No Brasil dos tempos da escravidão, negros índios e pessoas pobres não podiam fazer festa com suas tradições próprias. Eram obrigados a imitar as danças e festejos dos seus senhores. Assim, nas festas juninas, entrou o costume da Quadrilha que veio da Corte Imperial e dos bailes da aristocracia, assim como outros costumes que se espalham pelo país. Algumas tradições vêm das lembranças do interior, como o casamento caipira e os bailes característicos destas festas. Nas encenações, o povo caricatura autoridades como o padre e o juiz de paz. Ali, aparece o que, muitas vezes, as pessoas, no cotidiano da vida, pensam destas figuras, mas não falam. É pena que o protótipo do caipira e de quem vive no interior também seja caricaturado, às vezes até ridicularizado e com desprezo social.
É preciso sempre distinguir onde as festas ocorrem dentro de um contexto comunitário e popular e onde, ao contrário, se tornou mero produto do turismo estilizado que se traveste de tradição, mas apenas para visar maior lucro e até consolidar discriminações seculares.
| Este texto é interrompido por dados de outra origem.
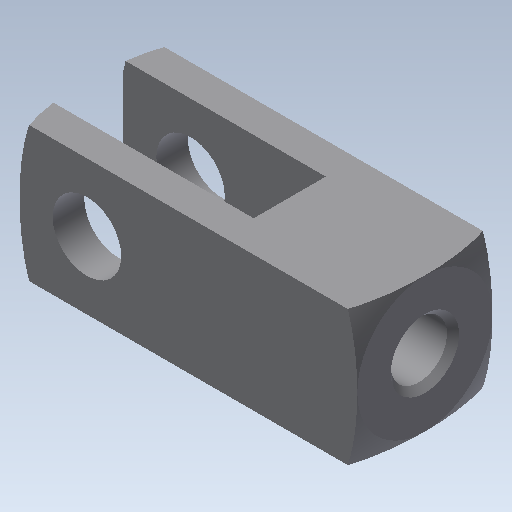
# Autodesk Inventor part: D-14043
Saved by Autodesk Inventor 2020 (Build 240168000, 168)
## iProperties
Created: 2020-01-07
Part Number: D-14043
Material: Generic
Catalog Web Link: www.cadenas.de
Description: Piston Rod Clevis for Original Line Cylinders - Body-
Vendor: BIMBA
Document SubType Name: Modeling
Designer: psadmin
Manufacturer: BIMBA
Mass: 1.26173 g
Surface Area: 12.864 cm^2
Volume: 1.26173 cm^3
Density: 1 g/cm^3
Appearance: PSOLRGB-191-191-191
Category: PARTsolutions
Company: BIMBA
PSOL_IDENT_0: {$CADENAS_DATA\23d-libs\bimba\bimba_brand\bimba_imperial\bimba_full_line\original_line_cylinders\acc
PSOL_IDENT_1: essories\piston_rod_clevis_body.prj},201 {VTYP=3D},{NB=D-14043},{LINA=D-14043},{NN=Piston Rod Clevis
PSOL_IDENT_2: for Original Line Cylinders - Body},{DATE=23.12.2019 10:36:51},{GEOMDATE=06.12.2012 07:16:06},{VERS
PSOL_IDENT_3: ION=},{LINEID=190},{WBVAR=},{WBNUMERIC=}  {NB=D-14043},{LINA=D-14043},{KT=DUMMY},{PN=D-14043},{L=0.9
PSOL_IDENT_4: 3700000},{L1=0.75000000},{L2=0.37500000},{W=0.20000000},{W1=0.37500000},{DIA1=0.19000000},{DIA1CS=0.
PSOL_IDENT_5: 00000000},{DIA2=0.37500000},{DIA3=0.15620000},{CS=90.00000000},{CDP=0.03000000},{AN=30.00000000},{ND
PSOL_IDENT_6: M=0.19000000},{CODE=UNF},{NDMDP=0.31000000},{COLOR=0.75,0.75,0.75,0.00}
NN: Piston Rod Clevis for Original Line Cylinders - Body
NB: D-14043
NBSYN: $PN.
LINA: D-14043
PN: D-14043
L: 0.937
L1: 0.75
L2: 0.375
W: 0.2
W1: 0.375
DIA1: 0.19
DIA1CS: 0
DIA2: 0.375
DIA3: 0.1562
CS: 90
CDP: 0.03
AN: 30
NDM: 0.19
CODE: UNF
NDMDP: 0.31
SUPPLIER: BIMBA
ARTICLENO: D-14043
BOMINFO: D-14043
CREATOR: CADENAS GmbH
d21: 0.000 in
d22: 0.000 in
Title: D-14043
Author: Cadenas PARTsolutions
Autodesk Inventor part; units mm, degrees
sketch "Sketch_1" plane through (0, 0, 0) normal (0, 0, 1) x (1, 0, 0)
  line L0 (-4.7498, -4.7625) -> (19.05, -4.7625)
  line L1 (19.05, -4.7625) -> (19.05, 4.7625)
  line L2 (19.05, 4.7625) -> (-4.7498, 4.7625)
  line L3 (-4.7498, 4.7625) -> (-4.7498, -4.7625)
  constraints: 8 end point
extrude "Extrusion1" add sketch "Sketch_1" along normal mid plane 9.525
sketch "Sketch_2" plane through (0, 0, 0) normal (0, 1, 0) x (-1, 0, 0)
  line L0 (4.7498, 2.54) -> (-9.525, 2.54)
  line L1 (-9.525, 2.54) -> (-9.525, -2.54)
  line L2 (-9.525, -2.54) -> (4.7498, -2.54)
  line L3 (4.7498, -2.54) -> (4.7498, 2.54)
  constraints: 8 end point
extrude "Extrusion2" cut sketch "Sketch_2" along normal mid plane 9.525
sketch "Sketch_3" plane through (0, 0, 0) normal (0, 0, 1) x (1, 0, 0)
  line L0 (19.05, 0) -> (11.176, 0)
  line L1 (11.176, 0) -> (11.176, 1.9837)
  line L2 (11.176, 1.9837) -> (18.6207, 1.9837)
  line L3 (18.6207, 1.9837) -> (19.05, 2.413)
  line L4 (19.05, 2.413) -> (19.05, 0)
  line L5 (19.05, 0) -> (11.176, 0)
  constraints: 12 end point
revolve "Revolution1" cut sketch "Sketch_3" angle 360 about axis through (19.05, 0, 0) along (1, 0, 0)
sketch "Sketch5" plane through (11.176, 0, 0) normal (1, 0, 0) x (0, 0, -1)
  point P0 (0, 0)
hole "Hole1" at (11.176, 0, 0) direction (-1, 0, 0) diameter 3.9675 depth 1.651
sketch "Sketch6" plane through (0, 0, -4.7625) normal (0, 0, -1) x (-1, 0, 0)
  point P0 (0, 0)
hole "Hole2" at (0, 0, -4.7625) direction (0, 0, 1) diameter 4.826 depth 9.525
sketch "Sketch_9" plane through (0, 0, 0) normal (0, 0, 1) x (1, 0, 0)
  line L0 (23.8125, 0) -> (19.05, 0)
  line L1 (19.05, 0) -> (19.05, 4.7625)
  arc A0 (19.05, 4.7625) -> (16.51, 9.525) centre (8.8503, 2.3812) ccw
  line L2 (16.51, 9.525) -> (23.8125, 9.525)
  line L3 (23.8125, 9.525) -> (23.8125, 0)
  line L4 (23.8125, 0) -> (19.05, 0)
  constraints: 10 end point, 2 point on circle, 1 centre point
revolve "Revolution2" cut sketch "Sketch_9" angle 360 about axis through (23.8125, 0, 0) along (1, 0, 0)
sketch "Sketch_10" plane through (0, 0, 0) normal (0, 0, 1) x (1, 0, 0)
  line L0 (-4.7498, 0) -> (-9.5123, 0)
  line L1 (-9.5123, 0) -> (-9.5123, 9.525)
  line L2 (-9.5123, 9.525) -> (-2.2098, 9.525)
  arc A0 (-2.2098, 9.525) -> (-4.7498, 4.7625) centre (5.4499, 2.3813) ccw
  line L3 (-4.7498, 4.7625) -> (-4.7498, 0)
  line L4 (-4.7498, 0) -> (-9.5123, 0)
  constraints: 10 end point, 2 point on circle, 1 centre point
revolve "Revolution3" cut sketch "Sketch_10" angle 360 about axis through (-4.7498, 0, 0) along (1, 0, 0)
ref_plane "dummy_XY" through (0, 0, 0) normal (0, 0, 1) x (1, 0, 0)
ref_plane "dummy_YZ" through (0, 0, 0) normal (1, 0, 0) x (0, 1, 0)
ref_plane "dummy_ZX" through (0, 0, 0) normal (0, 1, 0) x (0, 0, 1)
ref_plane "h1_XY" through (-4.7498, 4.7625, 0) normal (0, 0, 1) x (1, 0, 0)
ref_plane "h1_YZ" through (-4.7498, 4.7625, 0) normal (1, 0, 0) x (0, 1, 0)
ref_plane "h1_ZX" through (-4.7498, 4.7625, 0) normal (0, 1, 0) x (0, 0, 1)
ref_plane "h2_XY" through (-4.7498, -4.7625, 0) normal (0, 0, 1) x (1, 0, 0)
ref_plane "h2_YZ" through (-4.7498, -4.7625, 0) normal (1, 0, 0) x (0, 1, 0)
ref_plane "h2_ZX" through (-4.7498, -4.7625, 0) normal (0, 1, 0) x (0, 0, 1)
ref_plane "l1_XY" through (19.05, 4.7625, 0) normal (0, 0, 1) x (1, 0, 0)
ref_plane "l1_YZ" through (19.05, 4.7625, 0) normal (1, 0, 0) x (0, 1, 0)
ref_plane "l1_ZX" through (19.05, 4.7625, 0) normal (0, 1, 0) x (0, 0, 1)
ref_plane "l11_XY" through (19.05, 4.7625, 0) normal (0, 0, 1) x (1, 0, 0)
ref_plane "l11_YZ" through (19.05, 4.7625, 0) normal (1, 0, 0) x (0, 1, 0)
ref_plane "l11_ZX" through (19.05, 4.7625, 0) normal (0, 1, 0) x (0, 0, 1)
ref_plane "l12_XY" through (0, 4.7625, 0) normal (0, 0, 1) x (1, 0, 0)
ref_plane "l12_YZ" through (0, 4.7625, 0) normal (1, 0, 0) x (0, 1, 0)
ref_plane "l12_ZX" through (0, 4.7625, 0) normal (0, 1, 0) x (0, 0, 1)
ref_plane "l2_XY" through (-4.7498, 4.7625, 0) normal (0, 0, 1) x (1, 0, 0)
ref_plane "l2_YZ" through (-4.7498, 4.7625, 0) normal (1, 0, 0) x (0, 1, 0)
ref_plane "l2_ZX" through (-4.7498, 4.7625, 0) normal (0, 1, 0) x (0, 0, 1)
ref_plane "l21_XY" through (19.05, 0, 0) normal (0, 1, 0) x (1, 0, 0)
ref_plane "l21_YZ" through (19.05, 0, 0) normal (1, 0, 0) x (0, 0, -1)
ref_plane "l21_ZX" through (19.05, 0, 0) normal (0, 0, -1) x (0, 1, 0)
ref_plane "l22_XY" through (9.525, 0, 0) normal (0, 1, 0) x (1, 0, 0)
ref_plane "l22_YZ" through (9.525, 0, 0) normal (1, 0, 0) x (0, 0, -1)
ref_plane "l22_ZX" through (9.525, 0, 0) normal (0, 0, -1) x (0, 1, 0)
ref_plane "piston_rod_clevis_XY" through (19.05, 0, 0) normal (1, 0, 0) x (0, 0, -1)
ref_plane "piston_rod_clevis_YZ" through (19.05, 0, 0) normal (0, 0, -1) x (0, 1, 0)
ref_plane "piston_rod_clevis_ZX" through (19.05, 0, 0) normal (0, 1, 0) x (1, 0, 0)
ref_plane "rod_clevis_body_XY" through (0, 0, 0) normal (0, 0, 1) x (1, 0, 0)
ref_plane "rod_clevis_body_YZ" through (0, 0, 0) normal (1, 0, 0) x (0, 1, 0)
ref_plane "rod_clevis_body_ZX" through (0, 0, 0) normal (0, 1, 0) x (0, 0, 1)
ref_plane "th1_XY" through (19.05, 2.413, 0) normal (0, 0, 1) x (1, 0, 0)
ref_plane "th1_YZ" through (19.05, 2.413, 0) normal (1, 0, 0) x (0, 1, 0)
ref_plane "th1_ZX" through (19.05, 2.413, 0) normal (0, 1, 0) x (0, 0, 1)
ref_plane "th2_XY" through (19.05, -2.413, 0) normal (0, 0, 1) x (1, 0, 0)
ref_plane "th2_YZ" through (19.05, -2.413, 0) normal (1, 0, 0) x (0, 1, 0)
ref_plane "th2_ZX" through (19.05, -2.413, 0) normal (0, 1, 0) x (0, 0, 1)
ref_plane "to_cylinder_XY" through (9.525, 0, 0) normal (1, 0, 0) x (0, 0, -1)
ref_plane "to_cylinder_YZ" through (9.525, 0, 0) normal (0, 0, -1) x (0, 1, 0)
ref_plane "to_cylinder_ZX" through (9.525, 0, 0) normal (0, 1, 0) x (1, 0, 0)
ref_plane "w1_XY" through (19.05, 0, -4.7625) normal (0, 1, 0) x (1, 0, 0)
ref_plane "w1_YZ" through (19.05, 0, -4.7625) normal (1, 0, 0) x (0, 0, -1)
ref_plane "w1_ZX" through (19.05, 0, -4.7625) normal (0, 0, -1) x (0, 1, 0)
ref_plane "w11_XY" through (-4.7498, 0, -2.54) normal (0, 1, 0) x (1, 0, 0)
ref_plane "w11_YZ" through (-4.7498, 0, -2.54) normal (1, 0, 0) x (0, 0, -1)
ref_plane "w11_ZX" through (-4.7498, 0, -2.54) normal (0, 0, -1) x (0, 1, 0)
ref_plane "w12_XY" through (-4.7498, 0, 2.54) normal (0, 1, 0) x (1, 0, 0)
ref_plane "w12_YZ" through (-4.7498, 0, 2.54) normal (1, 0, 0) x (0, 0, -1)
ref_plane "w12_ZX" through (-4.7498, 0, 2.54) normal (0, 0, -1) x (0, 1, 0)
ref_plane "w2_XY" through (19.05, 0, 4.7625) normal (0, 1, 0) x (1, 0, 0)
ref_plane "w2_YZ" through (19.05, 0, 4.7625) normal (1, 0, 0) x (0, 0, -1)
ref_plane "w2_ZX" through (19.05, 0, 4.7625) normal (0, 0, -1) x (0, 1, 0)
body "Solid1"

Seja como for, a persistência das tradições juninas no meio do povo, em todas as regiões do país, revela a resistência cultural do povo empobrecido à cultura de massas, imposta pelos meios de comunicação que ainda apostam como “cultura popular” em programas sensacionalistas de conteúdo policial e com derramamento de sangue, como também nos Big-Brothers globais. Esta resistência das comunidades populares e, em geral, do interior não é estranha à memória histórica de João Batista, o profeta que desafiou reis, denunciou os poderes iníquos que se aproveitavam do povo pobre e, no deserto, anunciou a presença divina no ser humano, assim como revelou um tempo novo de justiça e graça. Não é necessário “batizar” ou “catolicizar” estas festas com algum rito ou gesto explicitamente cristão para que estas celebrações populares sejam, no seu espírito, de conteúdo profético e até espiritual. Elas nos recordam que a adoração a Deus não tem de ser sisuda e sem graça, assim como, mesmo nas brincadeiras e até no erotismo das pessoas se revela o amor divino.